Required work »
In the records below, begin at the line that has "settings Model: PauseTimes=7" and stop after the line that has "settings SFSimCC: SimUseLocalCustomCode=off"; quote those lines verbatim and nothing more.

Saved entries

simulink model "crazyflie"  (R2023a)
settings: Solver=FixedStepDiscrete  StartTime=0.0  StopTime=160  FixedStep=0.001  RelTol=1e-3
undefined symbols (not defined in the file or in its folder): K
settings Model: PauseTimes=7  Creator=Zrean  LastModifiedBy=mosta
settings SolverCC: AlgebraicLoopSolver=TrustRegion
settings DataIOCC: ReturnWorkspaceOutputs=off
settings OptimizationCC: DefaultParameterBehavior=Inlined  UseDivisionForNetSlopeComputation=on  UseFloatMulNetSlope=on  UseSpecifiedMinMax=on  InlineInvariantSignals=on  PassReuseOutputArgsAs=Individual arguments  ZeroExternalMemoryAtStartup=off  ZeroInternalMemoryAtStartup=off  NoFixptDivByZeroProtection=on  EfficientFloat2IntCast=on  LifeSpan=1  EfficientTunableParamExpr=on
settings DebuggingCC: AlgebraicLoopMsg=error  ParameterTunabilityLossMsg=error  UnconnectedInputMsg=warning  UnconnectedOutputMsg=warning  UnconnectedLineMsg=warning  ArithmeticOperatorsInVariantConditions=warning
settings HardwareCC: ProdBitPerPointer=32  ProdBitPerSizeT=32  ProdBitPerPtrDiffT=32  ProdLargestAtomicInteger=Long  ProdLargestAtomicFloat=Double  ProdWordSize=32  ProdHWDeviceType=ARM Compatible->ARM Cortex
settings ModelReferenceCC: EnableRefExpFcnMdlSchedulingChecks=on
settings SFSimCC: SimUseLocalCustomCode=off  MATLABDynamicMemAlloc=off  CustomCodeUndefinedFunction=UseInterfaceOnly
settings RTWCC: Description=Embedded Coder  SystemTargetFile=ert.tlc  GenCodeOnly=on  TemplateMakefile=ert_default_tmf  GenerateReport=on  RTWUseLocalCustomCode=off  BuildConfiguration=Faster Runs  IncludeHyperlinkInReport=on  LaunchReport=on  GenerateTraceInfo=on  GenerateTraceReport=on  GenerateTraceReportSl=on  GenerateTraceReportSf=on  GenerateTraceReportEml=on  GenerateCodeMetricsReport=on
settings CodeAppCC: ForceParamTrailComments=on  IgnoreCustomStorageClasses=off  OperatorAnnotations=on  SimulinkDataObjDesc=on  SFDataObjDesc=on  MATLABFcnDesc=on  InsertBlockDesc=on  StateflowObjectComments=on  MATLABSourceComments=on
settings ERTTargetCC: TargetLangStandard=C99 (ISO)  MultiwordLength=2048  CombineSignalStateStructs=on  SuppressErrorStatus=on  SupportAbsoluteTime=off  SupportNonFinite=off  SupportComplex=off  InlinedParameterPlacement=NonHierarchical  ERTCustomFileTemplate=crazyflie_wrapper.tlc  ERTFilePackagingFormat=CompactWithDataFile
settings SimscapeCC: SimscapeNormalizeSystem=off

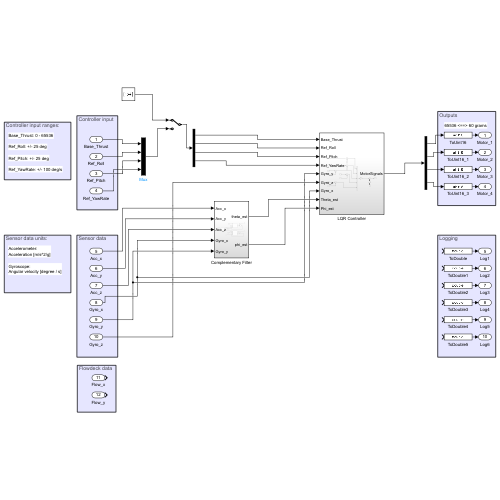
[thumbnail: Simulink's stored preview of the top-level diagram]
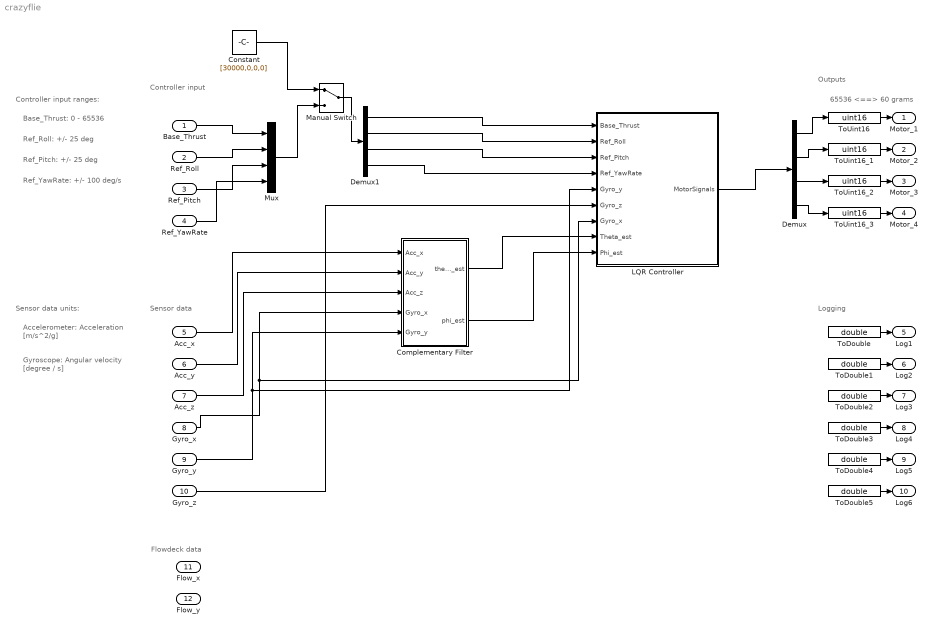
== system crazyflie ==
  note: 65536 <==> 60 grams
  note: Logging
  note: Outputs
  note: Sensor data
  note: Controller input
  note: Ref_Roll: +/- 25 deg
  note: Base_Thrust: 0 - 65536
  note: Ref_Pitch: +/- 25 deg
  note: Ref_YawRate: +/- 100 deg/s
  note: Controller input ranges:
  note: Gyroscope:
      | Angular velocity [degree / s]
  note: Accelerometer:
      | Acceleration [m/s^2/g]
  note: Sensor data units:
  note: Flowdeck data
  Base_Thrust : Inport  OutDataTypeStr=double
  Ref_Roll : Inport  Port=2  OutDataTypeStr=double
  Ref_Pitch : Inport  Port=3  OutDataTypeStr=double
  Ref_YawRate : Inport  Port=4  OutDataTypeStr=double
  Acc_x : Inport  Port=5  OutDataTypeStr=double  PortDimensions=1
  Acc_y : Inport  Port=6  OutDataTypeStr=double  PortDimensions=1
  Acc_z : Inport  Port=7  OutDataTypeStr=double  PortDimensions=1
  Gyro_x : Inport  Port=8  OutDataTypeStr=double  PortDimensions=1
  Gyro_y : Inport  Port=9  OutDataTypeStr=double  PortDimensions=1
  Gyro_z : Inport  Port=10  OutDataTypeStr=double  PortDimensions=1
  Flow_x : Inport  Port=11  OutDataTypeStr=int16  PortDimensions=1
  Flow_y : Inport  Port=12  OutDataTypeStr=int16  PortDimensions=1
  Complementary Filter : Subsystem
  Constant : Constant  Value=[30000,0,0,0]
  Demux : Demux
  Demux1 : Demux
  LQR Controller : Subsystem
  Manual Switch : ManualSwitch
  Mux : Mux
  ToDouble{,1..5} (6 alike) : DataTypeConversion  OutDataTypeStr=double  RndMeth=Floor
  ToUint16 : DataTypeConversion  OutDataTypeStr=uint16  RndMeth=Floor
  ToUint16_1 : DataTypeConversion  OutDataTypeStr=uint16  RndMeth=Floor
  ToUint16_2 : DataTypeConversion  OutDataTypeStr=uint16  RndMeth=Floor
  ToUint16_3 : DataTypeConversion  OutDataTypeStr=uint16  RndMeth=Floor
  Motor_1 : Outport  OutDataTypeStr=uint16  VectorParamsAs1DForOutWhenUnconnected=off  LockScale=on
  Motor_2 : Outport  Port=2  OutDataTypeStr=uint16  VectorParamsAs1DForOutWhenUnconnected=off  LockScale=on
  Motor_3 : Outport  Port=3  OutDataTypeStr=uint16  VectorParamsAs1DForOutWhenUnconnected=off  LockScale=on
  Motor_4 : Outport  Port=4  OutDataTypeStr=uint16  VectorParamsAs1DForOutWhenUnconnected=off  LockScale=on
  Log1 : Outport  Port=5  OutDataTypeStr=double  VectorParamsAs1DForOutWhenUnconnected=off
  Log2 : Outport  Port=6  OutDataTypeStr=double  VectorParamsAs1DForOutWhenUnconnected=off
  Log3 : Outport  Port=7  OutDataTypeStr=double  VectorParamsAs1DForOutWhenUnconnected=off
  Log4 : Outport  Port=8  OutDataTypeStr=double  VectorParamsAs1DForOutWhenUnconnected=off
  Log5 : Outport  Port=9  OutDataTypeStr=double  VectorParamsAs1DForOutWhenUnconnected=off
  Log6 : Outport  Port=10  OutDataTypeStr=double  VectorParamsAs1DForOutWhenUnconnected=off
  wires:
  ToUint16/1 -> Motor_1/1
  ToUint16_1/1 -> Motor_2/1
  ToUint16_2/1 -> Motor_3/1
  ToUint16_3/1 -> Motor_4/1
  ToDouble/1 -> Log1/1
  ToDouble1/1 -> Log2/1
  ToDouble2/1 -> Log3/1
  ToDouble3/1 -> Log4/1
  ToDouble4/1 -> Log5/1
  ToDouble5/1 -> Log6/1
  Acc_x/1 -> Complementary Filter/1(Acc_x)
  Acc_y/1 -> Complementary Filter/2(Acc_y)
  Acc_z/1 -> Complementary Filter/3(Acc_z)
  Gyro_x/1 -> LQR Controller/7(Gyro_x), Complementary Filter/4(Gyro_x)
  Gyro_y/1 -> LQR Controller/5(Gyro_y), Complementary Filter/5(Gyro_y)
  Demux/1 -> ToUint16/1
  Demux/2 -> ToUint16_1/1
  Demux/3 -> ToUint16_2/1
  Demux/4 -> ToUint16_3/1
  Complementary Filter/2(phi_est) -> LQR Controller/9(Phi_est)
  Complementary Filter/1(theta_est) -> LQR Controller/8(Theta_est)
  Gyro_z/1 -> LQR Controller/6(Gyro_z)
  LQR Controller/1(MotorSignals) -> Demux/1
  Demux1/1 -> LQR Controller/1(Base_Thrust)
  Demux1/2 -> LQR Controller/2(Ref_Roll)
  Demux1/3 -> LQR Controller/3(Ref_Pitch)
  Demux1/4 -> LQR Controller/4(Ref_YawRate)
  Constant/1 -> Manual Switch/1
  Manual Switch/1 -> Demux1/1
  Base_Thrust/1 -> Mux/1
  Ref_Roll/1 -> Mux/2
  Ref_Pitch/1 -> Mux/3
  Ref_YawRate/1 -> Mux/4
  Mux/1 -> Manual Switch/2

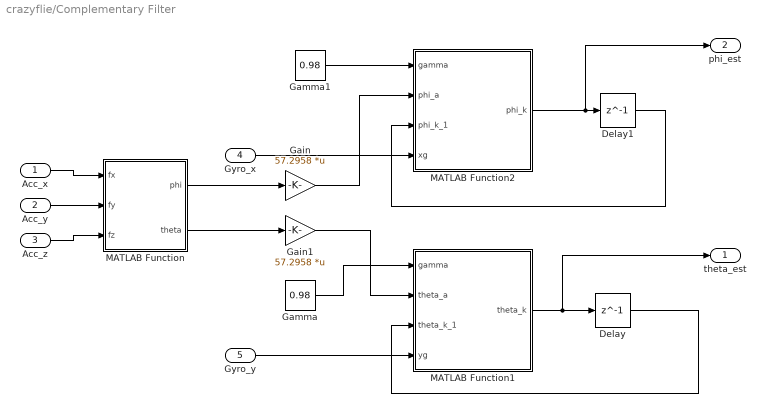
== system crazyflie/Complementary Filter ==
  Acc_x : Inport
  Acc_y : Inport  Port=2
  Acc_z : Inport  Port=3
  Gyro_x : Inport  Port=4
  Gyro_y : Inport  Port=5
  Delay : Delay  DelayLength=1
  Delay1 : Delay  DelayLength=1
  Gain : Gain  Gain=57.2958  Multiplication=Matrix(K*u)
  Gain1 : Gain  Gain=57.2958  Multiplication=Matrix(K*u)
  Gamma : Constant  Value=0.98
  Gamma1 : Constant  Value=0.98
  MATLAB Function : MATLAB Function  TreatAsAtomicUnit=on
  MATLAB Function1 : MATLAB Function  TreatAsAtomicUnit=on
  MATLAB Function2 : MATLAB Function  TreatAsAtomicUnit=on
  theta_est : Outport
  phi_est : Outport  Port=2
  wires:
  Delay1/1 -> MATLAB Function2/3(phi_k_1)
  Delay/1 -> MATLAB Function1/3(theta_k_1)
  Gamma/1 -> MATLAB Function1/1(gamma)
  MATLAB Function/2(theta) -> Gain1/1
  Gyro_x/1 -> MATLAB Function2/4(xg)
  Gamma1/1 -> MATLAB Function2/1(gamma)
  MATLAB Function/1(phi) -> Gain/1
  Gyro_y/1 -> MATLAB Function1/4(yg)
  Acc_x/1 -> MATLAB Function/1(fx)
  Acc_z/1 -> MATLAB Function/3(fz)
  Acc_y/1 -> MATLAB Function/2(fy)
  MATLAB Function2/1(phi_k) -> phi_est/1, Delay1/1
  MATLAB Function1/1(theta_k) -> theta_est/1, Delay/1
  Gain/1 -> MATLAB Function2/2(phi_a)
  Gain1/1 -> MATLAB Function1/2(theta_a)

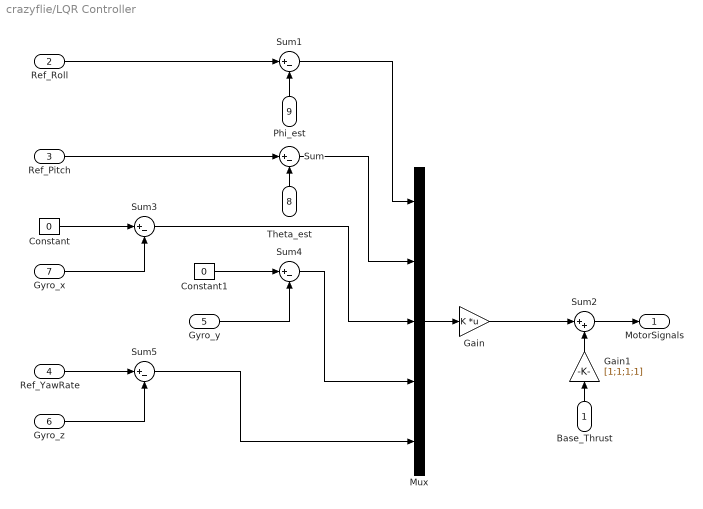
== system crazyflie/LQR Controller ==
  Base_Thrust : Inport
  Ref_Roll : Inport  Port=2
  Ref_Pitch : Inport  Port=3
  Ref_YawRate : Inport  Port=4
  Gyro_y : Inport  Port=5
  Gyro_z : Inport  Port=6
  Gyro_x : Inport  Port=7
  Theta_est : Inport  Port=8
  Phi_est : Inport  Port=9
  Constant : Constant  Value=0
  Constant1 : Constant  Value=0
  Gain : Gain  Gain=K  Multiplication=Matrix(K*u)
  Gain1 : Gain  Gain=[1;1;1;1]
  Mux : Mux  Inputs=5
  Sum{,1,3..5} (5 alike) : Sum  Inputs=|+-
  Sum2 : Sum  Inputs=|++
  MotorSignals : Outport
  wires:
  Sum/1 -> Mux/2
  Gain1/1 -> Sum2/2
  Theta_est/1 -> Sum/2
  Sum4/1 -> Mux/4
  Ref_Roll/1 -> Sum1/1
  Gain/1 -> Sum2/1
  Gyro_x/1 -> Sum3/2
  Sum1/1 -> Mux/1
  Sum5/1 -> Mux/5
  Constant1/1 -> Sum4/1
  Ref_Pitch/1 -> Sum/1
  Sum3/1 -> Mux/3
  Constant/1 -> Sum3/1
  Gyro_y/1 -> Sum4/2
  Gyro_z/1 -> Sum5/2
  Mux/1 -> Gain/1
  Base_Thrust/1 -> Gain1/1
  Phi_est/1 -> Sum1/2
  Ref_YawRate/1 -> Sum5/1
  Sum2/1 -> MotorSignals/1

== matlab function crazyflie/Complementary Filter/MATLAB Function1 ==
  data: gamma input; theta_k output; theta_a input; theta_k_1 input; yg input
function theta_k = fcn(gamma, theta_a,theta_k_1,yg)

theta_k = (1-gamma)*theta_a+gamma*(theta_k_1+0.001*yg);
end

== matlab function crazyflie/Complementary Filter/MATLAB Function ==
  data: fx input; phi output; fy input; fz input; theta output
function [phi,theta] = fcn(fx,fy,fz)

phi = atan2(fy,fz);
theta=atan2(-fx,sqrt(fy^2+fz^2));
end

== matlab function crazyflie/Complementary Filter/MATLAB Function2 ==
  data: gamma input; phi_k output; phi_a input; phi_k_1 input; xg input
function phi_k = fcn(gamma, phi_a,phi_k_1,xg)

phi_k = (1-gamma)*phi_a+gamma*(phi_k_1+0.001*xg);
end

Solution to the exercise »
settings Model: PauseTimes=7  Creator=Zrean  LastModifiedBy=mosta
settings SolverCC: AlgebraicLoopSolver=TrustRegion
settings DataIOCC: ReturnWorkspaceOutputs=off
settings OptimizationCC: DefaultParameterBehavior=Inlined  UseDivisionForNetSlopeComputation=on  UseFloatMulNetSlope=on  UseSpecifiedMinMax=on  InlineInvariantSignals=on  PassReuseOutputArgsAs=Individual arguments  ZeroExternalMemoryAtStartup=off  ZeroInternalMemoryAtStartup=off  NoFixptDivByZeroProtection=on  EfficientFloat2IntCast=on  LifeSpan=1  EfficientTunableParamExpr=on
settings DebuggingCC: AlgebraicLoopMsg=error  ParameterTunabilityLossMsg=error  UnconnectedInputMsg=warning  UnconnectedOutputMsg=warning  UnconnectedLineMsg=warning  ArithmeticOperatorsInVariantConditions=warning
settings HardwareCC: ProdBitPerPointer=32  ProdBitPerSizeT=32  ProdBitPerPtrDiffT=32  ProdLargestAtomicInteger=Long  ProdLargestAtomicFloat=Double  ProdWordSize=32  ProdHWDeviceType=ARM Compatible->ARM Cortex
settings ModelReferenceCC: EnableRefExpFcnMdlSchedulingChecks=on
settings SFSimCC: SimUseLocalCustomCode=off  MATLABDynamicMemAlloc=off  CustomCodeUndefinedFunction=UseInterfaceOnly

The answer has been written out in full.